I truly love cathedrals, and I love them best of all, churches, cathedrals, holy places, when they are quiet and empty and serene. The cathedral at zero-seven-hundred (as military types might say) was spectacularly beautiful, full of shadows and light, and a very few people, I would guess all local, heading toward a side chapel where mass was held.

We are Episcopalian, a liturgical bent of the Christian religion, and once you know the liturgy, you can follow it in any Catholic church in the world, no matter what the language. My heart was thankful just to sit and worship. I had visited The Three Kings (Drei Konigen) cathedral first on Epiphany in 1989, when the relics were carried around the church and children acted the parts of the three kings. It was powerfully moving. Sitting in worship, knowing it was a dream come true, my heart was full of uncontainable happiness.

We were bundled up, as was everyone else. There was heat, but the cold pervaded. People kept their heavy coats on during the mass, even their gloves, which made it hard to turn pages in the missal. We left just before communion, playing by their rules.

This casket contains relics of The Three Kings.
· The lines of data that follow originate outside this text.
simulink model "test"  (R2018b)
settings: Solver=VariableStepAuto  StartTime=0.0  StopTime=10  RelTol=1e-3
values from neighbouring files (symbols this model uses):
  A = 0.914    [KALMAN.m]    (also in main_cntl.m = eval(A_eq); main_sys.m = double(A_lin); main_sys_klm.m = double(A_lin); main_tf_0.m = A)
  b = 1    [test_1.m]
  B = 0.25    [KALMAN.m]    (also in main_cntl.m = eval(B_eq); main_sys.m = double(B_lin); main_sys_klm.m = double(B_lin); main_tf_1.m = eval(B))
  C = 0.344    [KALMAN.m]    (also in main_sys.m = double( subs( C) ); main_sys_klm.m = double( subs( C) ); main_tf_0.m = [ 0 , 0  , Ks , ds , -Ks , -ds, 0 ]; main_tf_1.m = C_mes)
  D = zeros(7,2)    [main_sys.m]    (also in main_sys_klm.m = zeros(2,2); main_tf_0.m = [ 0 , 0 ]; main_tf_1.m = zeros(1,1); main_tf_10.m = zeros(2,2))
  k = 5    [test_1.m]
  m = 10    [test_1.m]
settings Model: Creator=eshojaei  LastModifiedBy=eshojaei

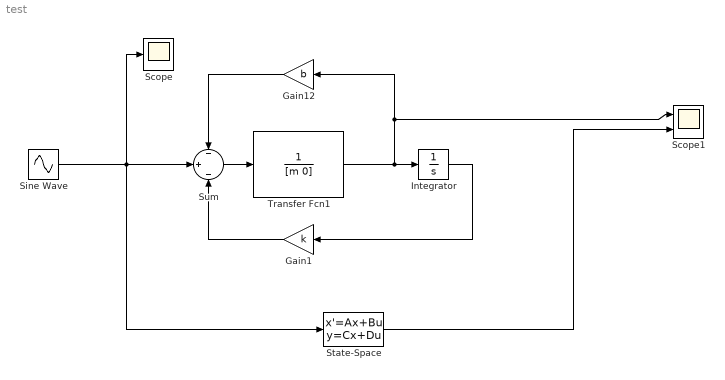
== system test ==
  Gain1 : Gain  Gain=k
  Gain12 : Gain  Gain=b
  Integrator : Integrator
  Scope : Scope
  Scope1 : Scope  NumInputPorts=2
  Sine Wave : Sin  Frequency=5  SampleTime=0
  State-Space : StateSpace  A=A  B=B  C=C  D=D  InitialCondition=0
  Sum : Sum  Inputs=-|+|-
  Transfer Fcn1 : TransferFcn  Denominator=[m 0]
  wires:
  Transfer Fcn1/1 -> Gain12/1, Scope1/1, Integrator/1
  Sine Wave/1 -> State-Space/1, Scope/1, Sum/2
  Sum/1 -> Transfer Fcn1/1
  Gain12/1 -> Sum/1
  Gain1/1 -> Sum/3
  Integrator/1 -> Gain1/1
  State-Space/1 -> Scope1/2

We headed back to the Hotel Ernst for a gorgeous buffet breakfast in their famous Excelsior restaurant.

 

 

 

Forgive me, I was HUNGRY! I didn’t take photos of the restaurant or the buffet. I will tell you that I particularly loved their coffee, strong and rich, served from an individual silver pot on our table, with fresh cream in another little pitcher. The breakfast was delicious, included a huge variety on the buffet, and you could order special things you wanted, eggs to order, etc. I found smoked salmon on the buffet, with all the trimmings, and my little Scandinavian heart was content with that.

We went back to the room, packed quickly, cleaned up and headed back out to explore the Christmas Markets early in the morning before the crowds arrived – and before they opened. We had the city to ourselves, early on Sunday morning.

Yes, I look very elegant until you get to my shoes. The surfaces vary. One minute you might be in the middle of the road, as in this photo, and the next, you will be on ancient cobblestones, or steps. When I was young, I heedlessly wore high heels everywhere. I no longer can do that, and it is misty and slick, so I am glad I have my faithful walking shoes. So faithful in fact, that we noticed that they are falling apart, and we threw them in the trash as we left Basel.

More early morning Christmas Market photos in Cologne:

 

 

 

 

 

The original Cologne water, everyone was buying 4711.

We had lunch at Peter’s Bauhaus. It looked so inviting, all decorated, and people were waiting in groups outside to be allowed in. It paid, in this instance, to be just two people; they took us right away and sat us at a table with another couple. We chatted a little – and then just had our own quiet conversations, sharing space but enjoying our own company.

 

 

 

 

AdventureMan had a schnitzel and house fries, with a salad and a beer. Kolsch, of course.

 

 

 

I ordered a salad with trimmed with bacon, but what I got was bacon with a little salad, and the dressing was very bacon fat. I’m sure it was delicious, but I can’t eat that much fat. AdventureMan was kind and gave me a couple bites of his schnitzel.